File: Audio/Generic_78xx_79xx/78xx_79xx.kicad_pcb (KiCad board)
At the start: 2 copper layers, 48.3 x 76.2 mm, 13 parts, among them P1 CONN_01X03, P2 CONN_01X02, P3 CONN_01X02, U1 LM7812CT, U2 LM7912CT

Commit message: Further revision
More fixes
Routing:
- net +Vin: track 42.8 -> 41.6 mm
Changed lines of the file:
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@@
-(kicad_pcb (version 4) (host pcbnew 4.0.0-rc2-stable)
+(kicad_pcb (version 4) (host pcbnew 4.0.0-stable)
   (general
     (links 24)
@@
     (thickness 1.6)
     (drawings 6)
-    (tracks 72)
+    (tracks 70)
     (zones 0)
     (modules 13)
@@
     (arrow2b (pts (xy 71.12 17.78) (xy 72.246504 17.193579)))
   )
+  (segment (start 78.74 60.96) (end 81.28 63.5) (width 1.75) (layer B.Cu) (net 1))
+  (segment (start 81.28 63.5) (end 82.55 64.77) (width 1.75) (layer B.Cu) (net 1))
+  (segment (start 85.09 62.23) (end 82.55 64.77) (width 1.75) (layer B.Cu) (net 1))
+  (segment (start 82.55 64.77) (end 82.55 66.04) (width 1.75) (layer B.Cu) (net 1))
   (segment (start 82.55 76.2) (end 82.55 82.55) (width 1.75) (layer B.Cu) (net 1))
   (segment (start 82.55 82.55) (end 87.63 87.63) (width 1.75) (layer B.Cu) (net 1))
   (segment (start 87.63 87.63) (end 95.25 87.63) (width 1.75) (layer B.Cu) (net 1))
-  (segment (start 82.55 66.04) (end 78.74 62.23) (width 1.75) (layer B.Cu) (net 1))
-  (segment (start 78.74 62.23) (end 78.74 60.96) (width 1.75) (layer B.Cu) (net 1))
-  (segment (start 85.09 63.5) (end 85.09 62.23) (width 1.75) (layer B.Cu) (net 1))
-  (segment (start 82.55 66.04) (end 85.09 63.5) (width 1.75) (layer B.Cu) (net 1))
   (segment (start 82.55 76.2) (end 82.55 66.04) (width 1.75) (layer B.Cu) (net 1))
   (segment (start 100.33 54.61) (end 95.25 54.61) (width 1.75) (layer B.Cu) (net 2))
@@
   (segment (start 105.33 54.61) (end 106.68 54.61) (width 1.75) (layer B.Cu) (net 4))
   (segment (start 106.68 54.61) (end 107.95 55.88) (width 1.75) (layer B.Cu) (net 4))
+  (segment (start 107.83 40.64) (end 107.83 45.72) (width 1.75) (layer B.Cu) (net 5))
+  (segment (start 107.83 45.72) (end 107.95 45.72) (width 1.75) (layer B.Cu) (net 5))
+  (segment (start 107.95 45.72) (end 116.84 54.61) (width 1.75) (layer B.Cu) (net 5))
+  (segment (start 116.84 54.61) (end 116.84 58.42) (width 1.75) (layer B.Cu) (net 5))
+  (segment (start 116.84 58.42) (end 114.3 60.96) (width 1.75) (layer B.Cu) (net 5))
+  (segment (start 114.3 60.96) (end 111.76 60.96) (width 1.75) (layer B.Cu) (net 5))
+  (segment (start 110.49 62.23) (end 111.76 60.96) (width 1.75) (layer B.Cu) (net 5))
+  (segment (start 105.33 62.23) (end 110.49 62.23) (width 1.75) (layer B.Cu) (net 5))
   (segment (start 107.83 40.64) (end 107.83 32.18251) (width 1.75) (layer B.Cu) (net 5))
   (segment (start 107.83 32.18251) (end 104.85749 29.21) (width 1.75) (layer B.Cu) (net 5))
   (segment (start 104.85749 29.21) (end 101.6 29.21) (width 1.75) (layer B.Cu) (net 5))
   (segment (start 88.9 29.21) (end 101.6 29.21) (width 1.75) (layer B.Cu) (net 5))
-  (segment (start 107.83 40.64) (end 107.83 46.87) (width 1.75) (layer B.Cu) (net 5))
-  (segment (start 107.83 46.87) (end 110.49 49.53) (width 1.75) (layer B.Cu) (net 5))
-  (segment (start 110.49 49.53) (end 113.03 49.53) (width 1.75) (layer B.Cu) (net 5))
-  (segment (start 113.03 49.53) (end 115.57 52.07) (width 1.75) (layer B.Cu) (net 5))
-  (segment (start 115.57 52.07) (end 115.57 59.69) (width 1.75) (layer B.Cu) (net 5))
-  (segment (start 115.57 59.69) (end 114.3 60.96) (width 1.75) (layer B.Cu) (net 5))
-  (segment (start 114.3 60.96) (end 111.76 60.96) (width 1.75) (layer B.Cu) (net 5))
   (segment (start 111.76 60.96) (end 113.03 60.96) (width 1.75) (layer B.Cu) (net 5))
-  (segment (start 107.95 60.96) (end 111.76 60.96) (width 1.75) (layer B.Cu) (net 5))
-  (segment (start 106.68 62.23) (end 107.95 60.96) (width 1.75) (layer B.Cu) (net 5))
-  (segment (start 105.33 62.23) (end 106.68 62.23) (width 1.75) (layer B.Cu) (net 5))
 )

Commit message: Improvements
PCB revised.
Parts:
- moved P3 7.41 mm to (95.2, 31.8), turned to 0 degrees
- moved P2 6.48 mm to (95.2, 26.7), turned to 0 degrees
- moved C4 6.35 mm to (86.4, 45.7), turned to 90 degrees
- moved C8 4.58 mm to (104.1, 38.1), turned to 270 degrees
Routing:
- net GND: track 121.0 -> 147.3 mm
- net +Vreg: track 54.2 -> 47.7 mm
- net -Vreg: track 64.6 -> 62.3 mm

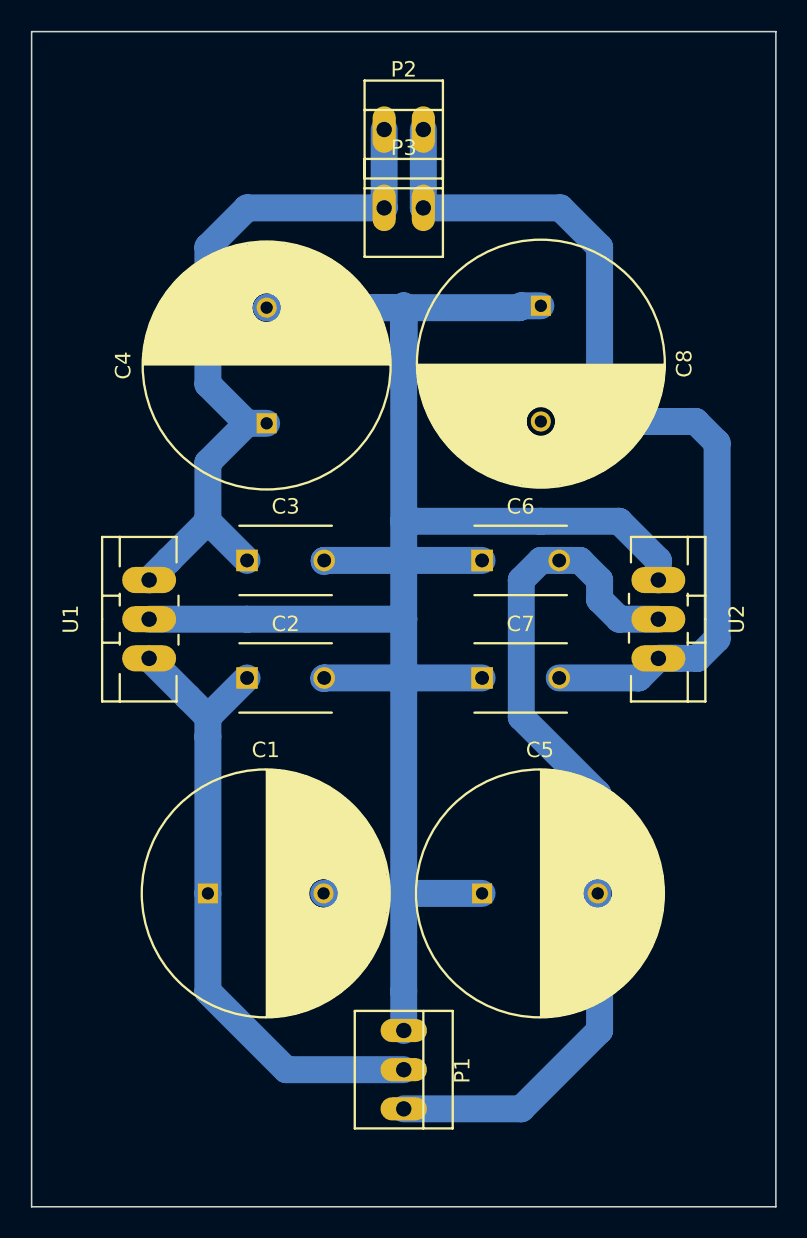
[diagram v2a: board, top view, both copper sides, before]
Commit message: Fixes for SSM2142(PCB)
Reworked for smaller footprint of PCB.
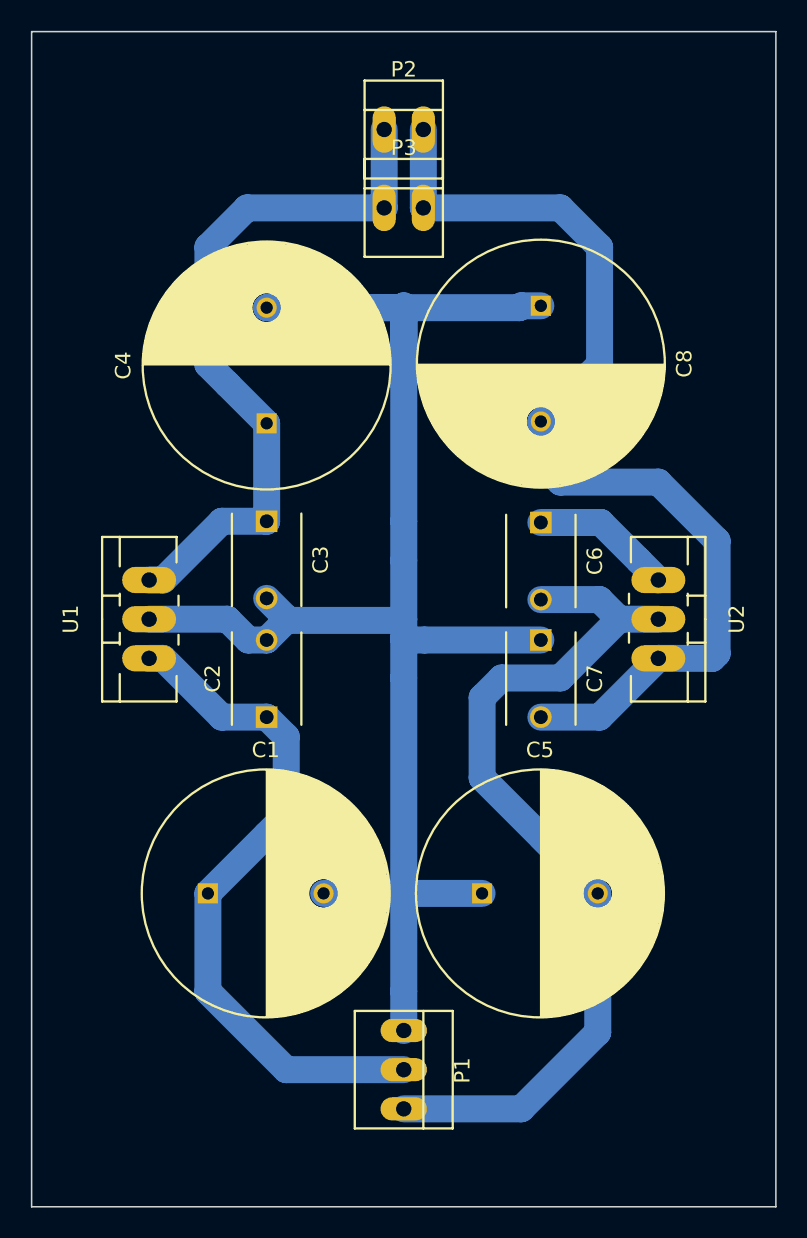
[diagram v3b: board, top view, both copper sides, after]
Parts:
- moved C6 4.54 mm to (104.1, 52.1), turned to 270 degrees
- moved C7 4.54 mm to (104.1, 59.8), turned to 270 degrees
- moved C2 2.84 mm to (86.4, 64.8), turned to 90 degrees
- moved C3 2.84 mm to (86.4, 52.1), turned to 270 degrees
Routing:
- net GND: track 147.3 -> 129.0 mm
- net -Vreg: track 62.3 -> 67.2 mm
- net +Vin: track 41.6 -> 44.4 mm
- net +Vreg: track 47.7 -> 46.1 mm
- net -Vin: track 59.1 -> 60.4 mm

:::

__Work order__
Please copy the lines above from the line with "110.49 62.23) (width 1.75) (layer B.Cu) (net 5))" up to and including the line with "(segment (start 88.9", exactly as written and with nothing else.

__Completed task__
+  (segment (start 105.33 62.23) (end 110.49 62.23) (width 1.75) (layer B.Cu) (net 5))
   (segment (start 107.83 40.64) (end 107.83 32.18251) (width 1.75) (layer B.Cu) (net 5))
   (segment (start 107.83 32.18251) (end 104.85749 29.21) (width 1.75) (layer B.Cu) (net 5))
   (segment (start 104.85749 29.21) (end 101.6 29.21) (width 1.75) (layer B.Cu) (net 5))
   (segment (start 88.9 29.21) (end 101.6 29.21) (width 1.75) (layer B.Cu) (net 5))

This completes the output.